Since verbs and adjectives are not parallel in this respect, it is unclear whether the presence of
locative adverbials supports the claim that there is some sort of Davidsonian argument with
adjectives.
12. Likewise, for Rothstein (1999), it is ‘be’ which is a function from the denotation of
adjectives into the denotations of verbs. In this way ‘be’ maps from states, which are mass-like,
to eventualities, which are count-like.
13. In making this claim that the small clause complement to ‘seems’ is a categorical small
clause, I do not suggest that the adjective within this small clause must be an individual level
predicate, ascribing a permanent property to the subject. In the examples, the adjective ‘sick’ is
55
not used as ascribing a permanent property to the subject, but only a transitory one. While
individual level predicates must participate in a categorical predication, it is not the case that
every categorical predication involves an individual level predicate. For example, Lambrecht
(1994) gives examples of thetic/categorical pairs which involve what would be considered a
stage level predicate. The distinction here has to do with whether or not the subject is singled
out; with ‘seems’, the SC complement involves a predication in which the subject must be
singled out, whether or not there is an IL predicate. This ‘singling out’ creates the categorical
predication. Also, while stage level predicates typically express temporary properties, not all
predicates expressing temporary properties are stage level. For example, Diesing (1992) shows
that certain adjectives expressing temporary psychological states are individual level. Thus, the
adjectives ‘angry’, nervous’, ‘cheerful’, while expressing temporary states, fails to appear in
‘there’ insertion sentences and requires their subjects to be generic. Kiss (1998) also notes that
there are certain predicates expressing temporary states that behave more like individual level
predicate, in that their subjects are generic.

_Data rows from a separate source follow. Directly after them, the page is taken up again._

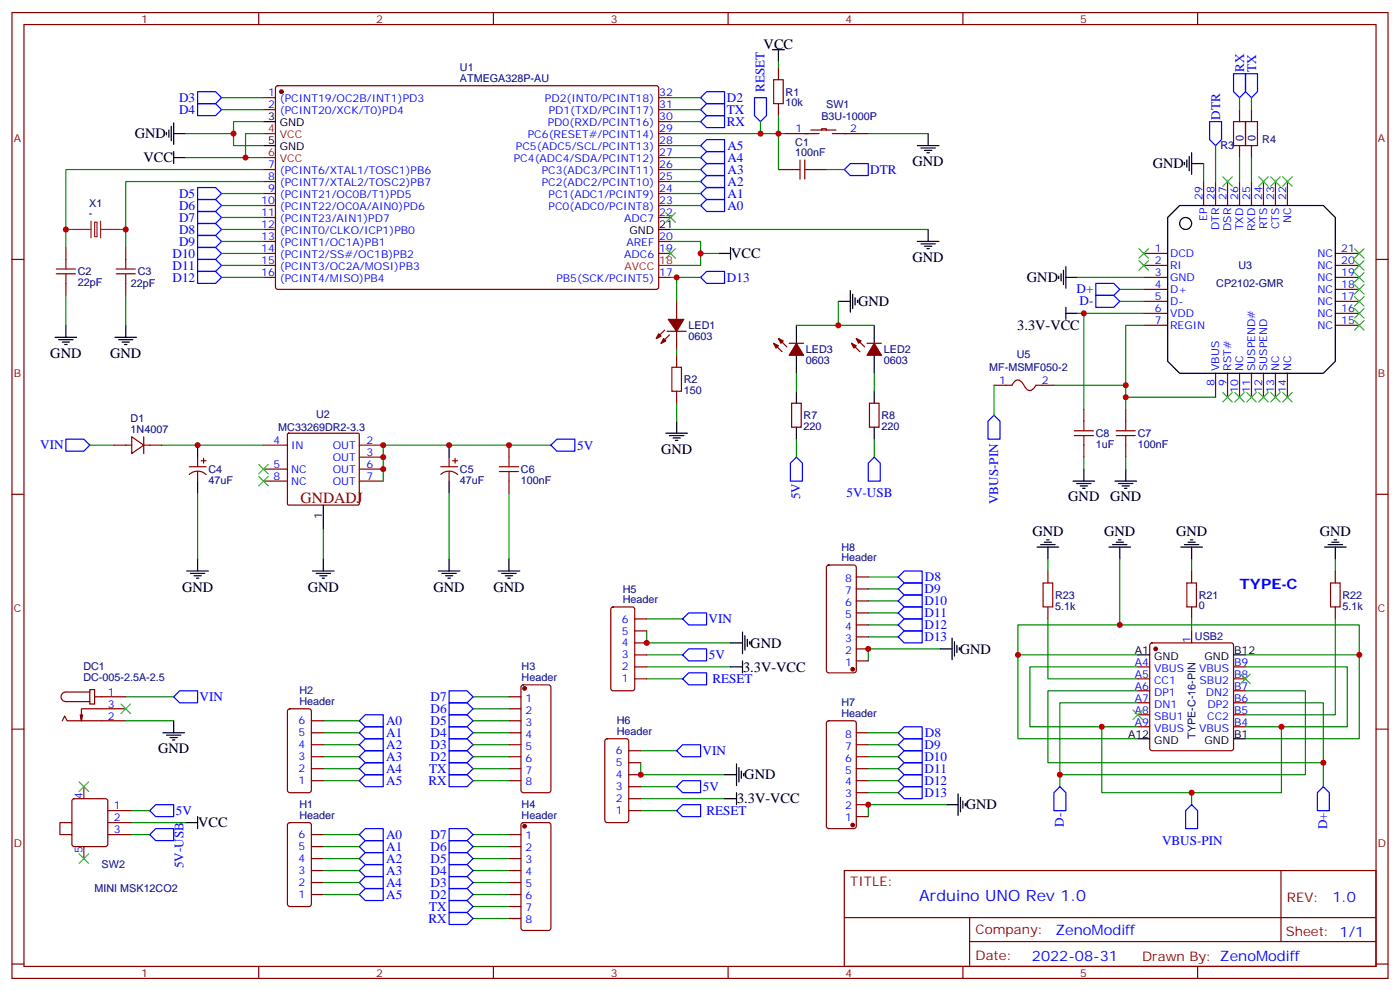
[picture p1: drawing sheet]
<svg xmlns="http://www.w3.org/2000/svg" width="412mm" height="292mm" viewBox="0 0 412 292" stroke-linecap="round" stroke-linejoin="round" font-family="sans-serif">
<g fill="none" stroke="#870000" stroke-width=".35">
<path d="M3.5 3.7h405.4v284.3h-405.4zM7.1 7.2h398.2v277.3h-398.2zM76.2 3.7v3.5M145.3 3.7v3.5M214.5 3.7v3.5M229.3 19.9v3.6M283.6 3.7v3.5M352.8 3.7v3.5M77.6 28.8h3.5M77.6 32.3h3.5M81.4 25.4l.4-.2 111.8 .1 .4 .6v58.9l-.7 .4-111.7-.1-.5-.6v-58.6zM194 28.8h3.6"/>
<path d="M194 32.3h3.6M194 39.3h3.6M194 35.8h3.6M229.3 30.5v3.5M231.1 39.3h10.2M238.8 38.3h7.4M242 38.3v-.4h1.4v.4M245.2 39.3h10.6M365.1 32.3v3.5M368.7 32.3v3.5M77.6 49.9h3.5M77.6 53.4h3.5"/>
<path d="M77.6 57h3.5M194 49.9h3.6M194 53.4h3.6M194 57h3.6M194 46.4h3.6M194 42.9h3.6M229.3 49.9h3.5M239.9 49.9h3.5M354.5 53.4v7.1M358.1 53.4v7.1M361.6 53.4v7.1M365.1 42.9v3.5"/>
<path d="M365.1 53.4v7.1M368.7 42.9v3.5M368.7 53.4v7.1M372.2 53.4v7.1M375.7 53.4v7.1M379.2 53.4v7.1M3.5 76.4h3.6M19.4 72.8v3.6M37 72.8v3.6M77.6 60.5h3.5M77.6 64h3.5M77.6 67.6h3.5"/>
<path d="M77.6 71.1h3.5M77.6 74.6h3.5M77.6 78.1h3.5M194 60.5h3.6M194 64h3.6M194 71.1h3.6M194 74.6h3.6M336.9 74.6h7.1M336.9 78.1h7.1M393.3 74.6h7.1M393.3 78.1h7.1M405.3 76.4h3.6"/>
<path d="M19.4 83.4v3.6M37 83.4v3.6M77.6 81.7h3.5M194 81.7h3.6M195.8 97.2l-2.5 2.5M196.5 97.5h5.6M197.2 98.6l-2.5 2.5M199.3 88.7v5.3M199.3 97.5v5.3M229.3 99.7l2.5 2.4M252.2 99.7l2.5 2.4M336.9 81.7h7.1"/>
<path d="M336.9 85.2h7.1M336.9 88.7h7.1M336.9 92.3h7.1M336.9 95.8h7.1M393.3 81.7h7.1M393.3 85.2h7.1M393.3 88.7h7.1M393.3 92.3h7.1M393.3 95.8h7.1M199.3 104.6v3.5M199.3 115.2v3.5M227.9 101.1l2.5 2.4"/>
<path d="M232.5 101.1h4.2M233.2 118.7h2.8v7.1h-2.8zM250.8 101.1l2.5 2.4M255.4 101.1h4.2M256.1 118.7h2.8v7.1h-2.8zM292.8 113.4h5.3l.6-.9a1.56 1.56 0 0 1 2.7 .5l.2 .3a2.13 2.13 0 0 0 2.2 1.6l1.4-1.5h5.2M358.1 109.9v7M361.6 109.9v7M365.1 109.9v7M368.7 109.9v7M372.2 109.9v7M375.7 109.9v7"/>
<path d="M379.2 109.9v7M33.5 131.1h5.3M38.8 128.6l3.5 2.5-3.5 2.4zM42.3 131.1h5.3M42.3 128.6v4.9M55.7 137.4h5M55.8 139.7a3.5 3.5 0 0 1 4.9 0M58.2 134.6v2.8M58.2 138.8v2.8M59.3 135.6h1.4M60 134.9v1.4M77.6 131.1h7.1"/>
<path d="M77.6 138.1h7.1M84.7 127.7l.3-.2 20.7 .1 .1 .3v20.6l-.3 .2-20.7-.1-.1-.3zM105.8 134.6h7.1M105.8 131.1h7.1M105.8 138.1h7.1M129.8 137.4h5M129.9 139.7a3.5 3.5 0 0 1 4.9 0M132.3 134.6v2.8M132.3 138.8v2.8M133.3 135.6h1.5M134.1 134.9v1.4M149.9 131.1v3.5"/>
<path d="M319.3 120.5v3.5M319.3 131.1v3.5M331.6 120.5v3.5M331.6 131.1v3.5M3.5 145.5h3.6M77.6 141.6h7.1M105.8 141.6h7.1M149.9 141.6v3.6M405.3 145.5h3.6M180.2 178.9l.4-.2h5.7l.6 .4 .1 23.6-.5 .6-5.9 .1-.6-.5-.1-23.5zM243.7 166.5l.4-.2h7.4l.7 .5v30.6l-.4 .6-7.7 .1-.6-.5-.1-30.6zM252.2 176.9h3.6"/>
<path d="M252.2 173.4h3.6M252.2 169.9h3.6M308.7 168.1v3.5M308.7 178.7v3.5M351 168.1v3.5M351 178.7v3.5M393.3 168.1v3.5M393.3 178.7v3.5M187 199.8h3.5M187 196.3h3.5M187 192.8h3.5M187 189.3h3.5"/>
<path d="M187 185.7h3.5M187 182.2h3.5M252.2 194.6h3.6M252.2 191h3.6M252.2 187.5h3.6M252.2 184h3.6M252.2 180.4h3.6M335.1 199.8h3.6M335.1 196.3h3.6M338.9 189.5l.5-.2h23.3l.5 .2 .2 .5v30.3l-.3 .5-.4 .2h-23.3l-.5-.2-.2-.5v-30.3zM351 185.7v3.6M363.4 199.8h3.5"/>
<path d="M363.4 196.3h3.5M3.5 214.7h3.6M18.3 212.2l.7-1.4 .8 1.4h17.2M24.3 210.4l-.3 1.8M26.5 203h1.4v4.3h-1.4zM26.5 203.7h-7.1a1.41 1.41 0 0 0-1.4 1.4 1.41 1.41 0 0 0 1.4 1.5h7.1M27.9 205.1h9.1M37 208.7h-13v3.5l-.4-1.8M84.9 208.9l.5-.2h5.6l.7 .4v23.6l-.4 .6-5.9 .1-.7-.5v-23.5zM91.7 212.2h3.5M91.7 219.3h3.5M91.7 215.7h3.5"/>
<path d="M149.9 205.1h3.6M149.9 212.2h3.6M149.9 208.7h3.6M149.9 219.3h3.6M149.9 215.7h3.6M153.7 201.8l.5-.2h7.4l.6 .4 .1 30.7-.5 .6-7.6 .1-.7-.5v-30.6zM178.4 217.7l.5-.2h5.6l.7 .4v23.6l-.5 .6-5.8 .1-.7-.5v-23.5zM243.7 212.4l.4-.2h7.4l.7 .4v30.6l-.4 .7h-7.7l-.6-.4-.1-30.6zM252.2 219.3h3.6M252.2 215.7h3.6M335.1 203.4h3.6M335.1 206.9h3.6"/>
<path d="M335.1 210.4h3.6M335.1 214h3.6M363.4 203.4h3.5M363.4 206.9h3.5M363.4 210.4h3.5M363.4 214h3.5M405.3 214.7h3.6M21.4 235.3l.5-.2h9.1l.5 .2 .2 .5v12.7l-.2 .5-.5 .2h-9.1l-.5-.2-.2-.5v-12.7zM24.7 231.6v3.5M31.7 238.7h7.1M91.7 229.8h3.5M91.7 226.3h3.5"/>
<path d="M91.7 222.8h3.5M149.9 229.8h3.6M149.9 226.3h3.6M149.9 222.8h3.6M185.2 238.7h3.5M185.2 235.1h3.5M185.2 231.6h3.5M185.2 228.1h3.5M185.2 224.5h3.5M185.2 221h3.5M252.2 229.8h3.6M252.2 226.3h3.6"/>
<path d="M252.2 222.8h3.6M252.2 236.9h3.6M252.2 233.4h3.6M21.2 242.2h-3.6v3.5h3.6M24.7 249.2v3.6M31.7 245.7h7.1M31.7 242.2h7.1M84.9 242.4l.5-.2h5.6l.7 .4v23.6l-.4 .6-5.9 .1-.7-.5v-23.5zM91.7 245.7h3.5M91.7 259.8h3.5M91.7 256.3h3.5M91.7 252.8h3.5"/>
<path d="M91.7 249.2h3.5M149.9 245.7h3.6M149.9 259.8h3.6M149.9 256.3h3.6M149.9 252.8h3.6M149.9 249.2h3.6M153.7 242.4l.5-.2h7.4l.6 .4 .1 30.6-.5 .7h-7.6l-.7-.4v-30.6zM248.7 256.3h156.6v28.2h-156.6zM252.2 240.4h3.6M377.3 256.3v20.9M91.7 263.3h3.5M149.9 263.3h3.6"/>
<path d="M149.9 266.9h3.6M149.9 270.4h3.6M248.7 270.1h156.5M285.6 277.2h119.6M285.6 270.1v14.2M3.5 283.8h3.6M76.2 284.5v3.5M145.3 284.5v3.5M214.5 284.5v3.5M283.6 284.5v3.5M352.8 284.5v3.5M405.3 283.8h3.6"/>
</g>
<g fill="#870000" stroke="#870000" stroke-width=".35">
<path d="M195.4 99.7l.7 .7-1.4 .7z"/>
<path d="M194 98.2l.7 .8-1.4 .7z"/>
<path d="M196.8 94h4.6l-2.1 3.5z"/>
<path d="M257.5 101.1l2.1 3.5h-4.2z"/>
<path d="M252.2 99.7l1.4 .7-.7 .7z"/>
<path d="M250.8 101.1l1.4 .7-.7 .7z"/>
<path d="M234.6 101.1l2.1 3.5h-4.2z"/>
<path d="M229.3 99.7l1.4 .7-.7 .7z"/>
<path d="M227.9 101.1l1.4 .7-.7 .7z"/>
<circle cx="82.9" cy="27" r=".53"/>
<circle cx="154.5" cy="202.7" r=".53"/>
<circle cx="154.5" cy="243.2" r=".53"/>
<circle cx="251.2" cy="242.9" r=".53"/>
<circle cx="251.2" cy="197" r=".53"/>
<circle cx="340.4" cy="191" r=".53"/>
</g>
<g fill="none" stroke="#000" stroke-width=".35">
<path d="M227.5 14.6h3.6M229.3 14.6v3.6M49 39v.7M49.7 38.3v2.1M50.4 37.2v4.3M51.2 39.3h3.5M51.2 36.2v6.3M77.6 35.8h3.5M273.4 39.3v3.6M51.2 44.6v3.6M51.2 46.4h3.5M77.6 42.9h3.5"/>
<path d="M270.2 42.9h6.4M271.3 43.6h4.2M272.3 44.3h2.2M273 45h.8M348.9 47.8v.7M349.6 47.1v2.1M350.3 46v4.3M351 48.2h3.5M351 45v6.3M194 67.6h3.6M211.7 74.6h3.5M215.2 72.8v3.6"/>
<path d="M270.2 71.1h6.4M271.3 71.8h4.2M272.3 72.5h2.2M273 73.2h.8M273.4 67.6v3.5M313.3 79.6v4.2M314 78.5v6.3M347.5 60.5h42.3l3.5 3.5v42.4l-3.5 3.5h-42.3l-3.5-3.5v-42.4zM16.2 99.3h6.4M19.4 95.8v3.5M33.9 99.3h6.3M37 95.8v3.5"/>
<path d="M234.6 95.8v5.3M246.9 88.7h3.6M250.5 85.5v6.4M251.2 86.6v4.2M251.9 87.7v2.1M252.6 88.4v.7M257.5 95.8v5.3M311.9 81.3v.7M312.6 80.6v2.1M314 92.3h3.5M314 90.5v3.5M314 81.7h3.5"/>
<path d="M17.3 100h4.2M18.3 100.7h2.2M19 101.4h.8M34.9 100h4.3M36 100.7h2.1M36.7 101.4h.7M234.6 104.6v5.3M234.6 115.2v3.5M257.5 104.6v5.3M257.5 115.2v3.5M58.2 131.1v3.5M132.3 131.1v3.5"/>
<path d="M196.1 127.5h6.4M197.2 128.2h4.2M198.3 128.9h2.1M199 129.6h.7M199.3 124v3.5M234.6 125.8v3.5M257.5 125.8v3.5M319.3 138.1v3.5M331.6 138.1v3.5M58.2 141.6v3.6M95.2 148.7v7.1M132.3 141.6v3.6"/>
<path d="M307.6 159.6h2.1M308.3 158.9h.7M316.1 141.6h6.3M317.1 142.3h4.3M318.2 143.1h2.1M318.9 143.8h.7M328.4 141.6h6.4M328.8 159.6h2.1M329.5 142.3h4.2M329.5 158.9h.7M330.6 143.1h2.1M331.3 143.8h.7"/>
<path d="M350 159.6h2.1M350.7 158.9h.7M392.3 159.6h2.1M393 158.9h.7M55 168.1h6.4M56.1 168.8h4.2M57.1 169.5h2.2M57.9 170.2h.7M58.2 164.6v3.5M92.1 168.1h6.3M93.1 168.8h4.3M94.2 169.5h2.1"/>
<path d="M94.9 170.2h.7M95.2 164.6v3.5M129.1 168.1h6.4M130.2 168.8h4.2M131.2 169.5h2.1M131.9 170.2h.7M132.3 164.6v3.5M146.8 168.1h6.3M147.8 168.8h4.2M148.9 169.5h2.1M149.6 170.2h.7M149.9 164.6v3.5"/>
<path d="M305.5 161h6.4M306.6 160.3h4.2M308.7 161v3.6M326.7 161h6.3M327.7 160.3h4.3M329.8 161v3.6M347.8 161h6.4M348.9 160.3h4.2M351 161v3.6M390.2 161h6.3M391.2 160.3h4.3M393.3 161v3.6"/>
<path d="M215.2 189.3h3.5M215.2 196.3h3.5M218.7 186.1v6.3M218.7 194.6v3.5M219.4 187.1v4.3M220.1 188.2v2.1M220.8 188.9v.7M276.9 191h3.6M280.5 187.9v6.3M281.2 188.9v4.2M281.9 190v2.1M282.6 190.7v.7"/>
<path d="M335.1 192.8h3.6M363.4 192.8h3.5M48 215.7h6.3M49 216.4h4.3M50.1 217.1h2.1M50.8 217.8h.7M51.2 212.2v3.5M335.1 217.5h3.6M363.4 217.5h3.5M213.4 228.1h3.6M213.4 235.1h3.6M217 224.9v6.3"/>
<path d="M217 233.4v3.5M217.7 226v4.2M218.4 227v2.1M219.1 227.7v.7M278.7 236.9h3.5M282.2 233.7v6.4M282.9 234.8v4.2M283.6 235.8v2.1M284.3 236.5v.7M54.7 242.2h3.5M58.2 240.4v3.5"/>
<circle cx="349.2" cy="65.8" r="1.76"/>
</g>
<path d="M77.6 39.3h3.5M77.6 46.4h3.5M194 78.1h3.6" fill="none" stroke="#f00" stroke-width=".35"/>
<g fill="none" stroke="#00f" stroke-width=".35">
<path d="M58.2 27h5.3l1.8 1.8-1.8 1.7h-5.3zM58.2 30.5h5.3l1.8 1.8-1.8 1.7h-5.3zM206.4 28.8l1.7-1.8h5.3v3.5h-5.3zM206.4 35.8l1.7-1.8h5.3v3.6h-5.3zM208.1 30.5h5.3v3.5h-5.3l-1.7-1.7zM222.2 28.8h3.6v5.2l-1.8 1.8-1.8-1.8zM356.3 35.8h3.5v5.3l-1.7 1.8-1.8-1.8zM363.4 21.7h3.5v5.3l-1.8 1.8-1.7-1.8zM366.9 21.7h3.5v5.3l-1.7 1.8-1.8-1.8zM58.2 55.2h5.3l1.8 1.8-1.8 1.7h-5.3zM58.2 58.7h5.3l1.8 1.8-1.8 1.8h-5.3zM206.4 57l1.7-1.8h5.3v3.5h-5.3z"/>
<path d="M206.4 53.4l1.7-1.7h5.3v3.5h-5.3zM206.4 49.9l1.7-1.7h5.3v3.5h-5.3zM206.4 46.4l1.7-1.8h5.3v3.6h-5.3zM206.4 42.9l1.7-1.8h5.3v3.5h-5.3zM248.7 49.9l1.8-1.7h5.3v3.5h-5.3zM58.2 62.3h5.3l1.8 1.7-1.8 1.8h-5.3zM58.2 65.8h5.3l1.8 1.8-1.8 1.7h-5.3zM58.2 69.3h5.3l1.8 1.8-1.8 1.7h-5.3zM58.2 72.8h5.3l1.8 1.8-1.8 1.8h-5.3zM58.2 76.4h5.3l1.8 1.7-1.8 1.8h-5.3zM58.2 79.9h5.3l1.8 1.8-1.8 1.7h-5.3zM206.4 60.5l1.7-1.8h5.3v3.6h-5.3z"/>
<path d="M206.4 81.7l1.7-1.8h5.3v3.5h-5.3zM322.8 87h5.3l1.7 1.7-1.7 1.8h-5.3zM322.8 83.4h5.3l1.7 1.8-1.7 1.8h-5.3zM19.4 129.3h5.3l1.8 1.8-1.8 1.7h-5.3zM162.3 131.1l1.7-1.8h5.3v3.5h-5.3zM234.6 134.6l1.8 1.7v5.3h-3.6v-5.3zM257.5 134.6l1.8 1.7v5.3h-3.5v-5.3zM291 124l1.8-1.8 1.8 1.8v5.3h-3.6zM266.3 178.7h5.3v3.5h-5.3l-1.7-1.8zM266.3 175.2h5.3v3.5h-5.3l-1.7-1.8zM266.3 171.6h5.3v3.6h-5.3l-1.7-1.8zM266.3 168.1h5.3v3.5h-5.3l-1.7-1.7z"/>
<path d="M201.1 182.2l1.7-1.8h5.3v3.6h-5.3zM201.1 192.8l1.7-1.8h5.3v3.6h-5.3zM201.1 199.8l1.7-1.7h5.3v3.5h-5.3zM264.6 184l1.7-1.8h5.3v3.5h-5.3zM264.6 187.5l1.7-1.8h5.3v3.6h-5.3zM51.2 205.1l1.7-1.7h5.3v3.5h-5.3zM105.8 219.3l1.8-1.8h5.3v3.5h-5.3zM105.8 215.7l1.8-1.7h5.3v3.5h-5.3zM105.8 212.2l1.8-1.8h5.3v3.6h-5.3zM132.3 203.4h5.3l1.7 1.7-1.7 1.8h-5.3zM132.3 206.9h5.3l1.7 1.8-1.7 1.7h-5.3zM132.3 214h5.3l1.7 1.7-1.7 1.8h-5.3z"/>
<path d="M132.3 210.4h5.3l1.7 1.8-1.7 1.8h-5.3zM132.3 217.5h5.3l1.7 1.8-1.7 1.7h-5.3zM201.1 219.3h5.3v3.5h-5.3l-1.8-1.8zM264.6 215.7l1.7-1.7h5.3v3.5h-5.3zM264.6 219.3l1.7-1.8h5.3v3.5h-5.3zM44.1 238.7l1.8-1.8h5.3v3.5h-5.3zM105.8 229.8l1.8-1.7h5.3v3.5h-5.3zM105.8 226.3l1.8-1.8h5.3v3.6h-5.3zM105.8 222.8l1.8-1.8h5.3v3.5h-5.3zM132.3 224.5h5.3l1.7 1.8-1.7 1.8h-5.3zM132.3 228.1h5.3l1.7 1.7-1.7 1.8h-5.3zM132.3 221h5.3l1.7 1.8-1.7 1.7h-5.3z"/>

Thus it would be wrong to suggest that simply
because we have a predicate expressing a temporary state in the small clause, that small clause
must express a thetic judgement.
14. Note that the ungrammaticality of sentence (48) has been used to support the idea that the
postverbal NP in such expletive constructions receives an inherent case (see Belletti 1987,
Lasnik 1995). Since ‘seems’ does not theta mark the postverbal NP, it cannot assign an inherent
case to this NP. Since ‘seems’ does not assign a structural case, the postverbal NP lacks case,
and the sentence is ungrammatical. Here, I argue that it is not a consequence of inherent case,
but a consequence of the type of judgement expressed by the small clause.